[Your task]:
Reproduce verbatim the lines of the material below, starting at the line with "#22986 = DIRECTION" and ending at the line with "#26121 = CARTESIAN_POINT", both inclusive; skip the rest.

[Supplied information]:

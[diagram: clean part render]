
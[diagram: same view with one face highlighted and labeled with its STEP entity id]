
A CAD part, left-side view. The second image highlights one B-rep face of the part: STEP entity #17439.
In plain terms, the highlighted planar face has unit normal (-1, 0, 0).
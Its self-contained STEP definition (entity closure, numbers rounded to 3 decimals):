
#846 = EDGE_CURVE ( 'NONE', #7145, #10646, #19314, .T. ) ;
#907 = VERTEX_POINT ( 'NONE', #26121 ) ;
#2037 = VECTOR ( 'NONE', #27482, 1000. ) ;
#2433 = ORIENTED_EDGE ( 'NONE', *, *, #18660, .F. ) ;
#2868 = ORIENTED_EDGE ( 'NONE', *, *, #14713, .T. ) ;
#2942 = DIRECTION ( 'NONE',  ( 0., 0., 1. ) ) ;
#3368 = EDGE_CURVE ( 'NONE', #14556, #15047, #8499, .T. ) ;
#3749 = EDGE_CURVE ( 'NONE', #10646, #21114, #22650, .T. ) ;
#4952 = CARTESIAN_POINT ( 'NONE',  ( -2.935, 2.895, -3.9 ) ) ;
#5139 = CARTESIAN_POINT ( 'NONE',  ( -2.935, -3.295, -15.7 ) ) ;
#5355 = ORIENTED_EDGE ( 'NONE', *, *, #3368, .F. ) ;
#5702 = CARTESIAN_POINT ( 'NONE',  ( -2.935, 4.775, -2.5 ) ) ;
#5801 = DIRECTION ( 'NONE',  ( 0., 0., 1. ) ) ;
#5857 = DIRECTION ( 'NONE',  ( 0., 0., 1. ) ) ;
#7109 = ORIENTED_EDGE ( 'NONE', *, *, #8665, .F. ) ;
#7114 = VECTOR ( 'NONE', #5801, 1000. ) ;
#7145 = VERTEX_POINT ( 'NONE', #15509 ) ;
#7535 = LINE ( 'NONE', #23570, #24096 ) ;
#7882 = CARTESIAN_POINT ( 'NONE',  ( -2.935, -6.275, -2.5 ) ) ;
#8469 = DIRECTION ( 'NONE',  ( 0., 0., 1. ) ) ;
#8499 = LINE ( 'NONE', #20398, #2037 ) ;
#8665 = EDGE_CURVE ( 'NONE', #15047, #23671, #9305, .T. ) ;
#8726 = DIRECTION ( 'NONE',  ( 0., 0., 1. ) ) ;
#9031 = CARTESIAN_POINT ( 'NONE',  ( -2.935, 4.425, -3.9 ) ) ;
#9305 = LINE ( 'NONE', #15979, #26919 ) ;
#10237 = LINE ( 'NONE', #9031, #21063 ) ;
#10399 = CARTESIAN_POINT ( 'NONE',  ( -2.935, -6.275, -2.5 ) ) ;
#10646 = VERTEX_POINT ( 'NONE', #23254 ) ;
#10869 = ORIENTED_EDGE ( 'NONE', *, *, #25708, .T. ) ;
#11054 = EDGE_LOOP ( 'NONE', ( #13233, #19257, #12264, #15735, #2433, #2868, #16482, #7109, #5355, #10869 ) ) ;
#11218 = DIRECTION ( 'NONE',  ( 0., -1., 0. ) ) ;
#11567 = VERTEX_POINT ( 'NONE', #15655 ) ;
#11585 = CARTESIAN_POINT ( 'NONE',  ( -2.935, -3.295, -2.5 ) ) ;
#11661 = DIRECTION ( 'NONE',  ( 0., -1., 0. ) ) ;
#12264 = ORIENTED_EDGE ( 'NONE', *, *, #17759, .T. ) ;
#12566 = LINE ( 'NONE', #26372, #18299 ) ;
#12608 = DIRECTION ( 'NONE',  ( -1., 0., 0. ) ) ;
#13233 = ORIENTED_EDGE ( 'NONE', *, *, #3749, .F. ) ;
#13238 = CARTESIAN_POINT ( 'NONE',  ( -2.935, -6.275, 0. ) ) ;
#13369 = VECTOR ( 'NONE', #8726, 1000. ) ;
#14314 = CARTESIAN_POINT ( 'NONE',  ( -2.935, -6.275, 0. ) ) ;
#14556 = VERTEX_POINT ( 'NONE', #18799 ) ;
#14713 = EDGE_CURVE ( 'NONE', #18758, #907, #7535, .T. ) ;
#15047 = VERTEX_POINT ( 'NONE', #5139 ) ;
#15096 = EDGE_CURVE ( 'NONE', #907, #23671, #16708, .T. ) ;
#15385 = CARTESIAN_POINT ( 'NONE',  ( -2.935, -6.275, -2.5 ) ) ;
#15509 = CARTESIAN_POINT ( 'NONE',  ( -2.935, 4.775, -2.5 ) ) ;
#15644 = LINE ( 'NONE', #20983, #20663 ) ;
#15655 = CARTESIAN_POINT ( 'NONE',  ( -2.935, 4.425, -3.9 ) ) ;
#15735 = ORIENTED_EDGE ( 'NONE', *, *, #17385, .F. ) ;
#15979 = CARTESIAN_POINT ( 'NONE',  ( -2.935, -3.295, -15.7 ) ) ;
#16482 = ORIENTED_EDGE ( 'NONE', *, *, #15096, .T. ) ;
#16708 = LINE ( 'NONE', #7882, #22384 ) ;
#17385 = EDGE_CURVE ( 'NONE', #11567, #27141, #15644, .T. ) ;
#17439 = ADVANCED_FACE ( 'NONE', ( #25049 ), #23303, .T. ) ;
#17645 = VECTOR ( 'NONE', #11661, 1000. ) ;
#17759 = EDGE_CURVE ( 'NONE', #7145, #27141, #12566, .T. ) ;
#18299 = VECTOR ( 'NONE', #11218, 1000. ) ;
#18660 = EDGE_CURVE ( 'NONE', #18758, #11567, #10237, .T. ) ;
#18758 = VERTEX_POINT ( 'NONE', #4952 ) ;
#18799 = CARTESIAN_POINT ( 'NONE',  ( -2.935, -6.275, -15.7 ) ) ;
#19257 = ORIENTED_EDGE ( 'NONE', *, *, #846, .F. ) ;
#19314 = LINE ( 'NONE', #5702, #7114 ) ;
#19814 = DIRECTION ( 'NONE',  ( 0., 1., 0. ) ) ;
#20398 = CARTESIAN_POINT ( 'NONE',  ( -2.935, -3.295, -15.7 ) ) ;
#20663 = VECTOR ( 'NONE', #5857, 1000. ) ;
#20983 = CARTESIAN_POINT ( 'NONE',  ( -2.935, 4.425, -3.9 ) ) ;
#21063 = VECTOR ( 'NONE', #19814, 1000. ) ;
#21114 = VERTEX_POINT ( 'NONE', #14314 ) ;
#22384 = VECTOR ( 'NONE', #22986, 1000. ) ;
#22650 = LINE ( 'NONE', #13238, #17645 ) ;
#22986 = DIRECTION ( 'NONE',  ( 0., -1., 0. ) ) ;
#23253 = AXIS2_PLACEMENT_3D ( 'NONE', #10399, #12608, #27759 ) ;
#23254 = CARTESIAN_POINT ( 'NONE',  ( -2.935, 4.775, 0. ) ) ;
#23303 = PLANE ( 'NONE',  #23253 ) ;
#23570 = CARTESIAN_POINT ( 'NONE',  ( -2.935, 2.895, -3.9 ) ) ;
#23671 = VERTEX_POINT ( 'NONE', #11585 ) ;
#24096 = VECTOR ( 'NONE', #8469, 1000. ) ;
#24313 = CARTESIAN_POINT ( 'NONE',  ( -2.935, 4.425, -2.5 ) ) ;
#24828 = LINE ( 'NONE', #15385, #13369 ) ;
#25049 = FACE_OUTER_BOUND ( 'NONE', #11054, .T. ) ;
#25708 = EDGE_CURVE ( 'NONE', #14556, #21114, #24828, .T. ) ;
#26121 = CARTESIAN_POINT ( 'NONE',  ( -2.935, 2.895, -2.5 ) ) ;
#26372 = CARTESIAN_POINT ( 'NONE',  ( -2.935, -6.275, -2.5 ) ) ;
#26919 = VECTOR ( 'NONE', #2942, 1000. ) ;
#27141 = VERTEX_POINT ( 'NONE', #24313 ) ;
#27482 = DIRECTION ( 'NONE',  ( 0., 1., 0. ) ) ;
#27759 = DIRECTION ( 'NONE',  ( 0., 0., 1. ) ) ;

[The answer]:
#22986 = DIRECTION ( 'NONE',  ( 0., -1., 0. ) ) ;
#23253 = AXIS2_PLACEMENT_3D ( 'NONE', #10399, #12608, #27759 ) ;
#23254 = CARTESIAN_POINT ( 'NONE',  ( -2.935, 4.775, 0. ) ) ;
#23303 = PLANE ( 'NONE',  #23253 ) ;
#23570 = CARTESIAN_POINT ( 'NONE',  ( -2.935, 2.895, -3.9 ) ) ;
#23671 = VERTEX_POINT ( 'NONE', #11585 ) ;
#24096 = VECTOR ( 'NONE', #8469, 1000. ) ;
#24313 = CARTESIAN_POINT ( 'NONE',  ( -2.935, 4.425, -2.5 ) ) ;
#24828 = LINE ( 'NONE', #15385, #13369 ) ;
#25049 = FACE_OUTER_BOUND ( 'NONE', #11054, .T. ) ;
#25708 = EDGE_CURVE ( 'NONE', #14556, #21114, #24828, .T. ) ;
#26121 = CARTESIAN_POINT ( 'NONE',  ( -2.935, 2.895, -2.5 ) ) ;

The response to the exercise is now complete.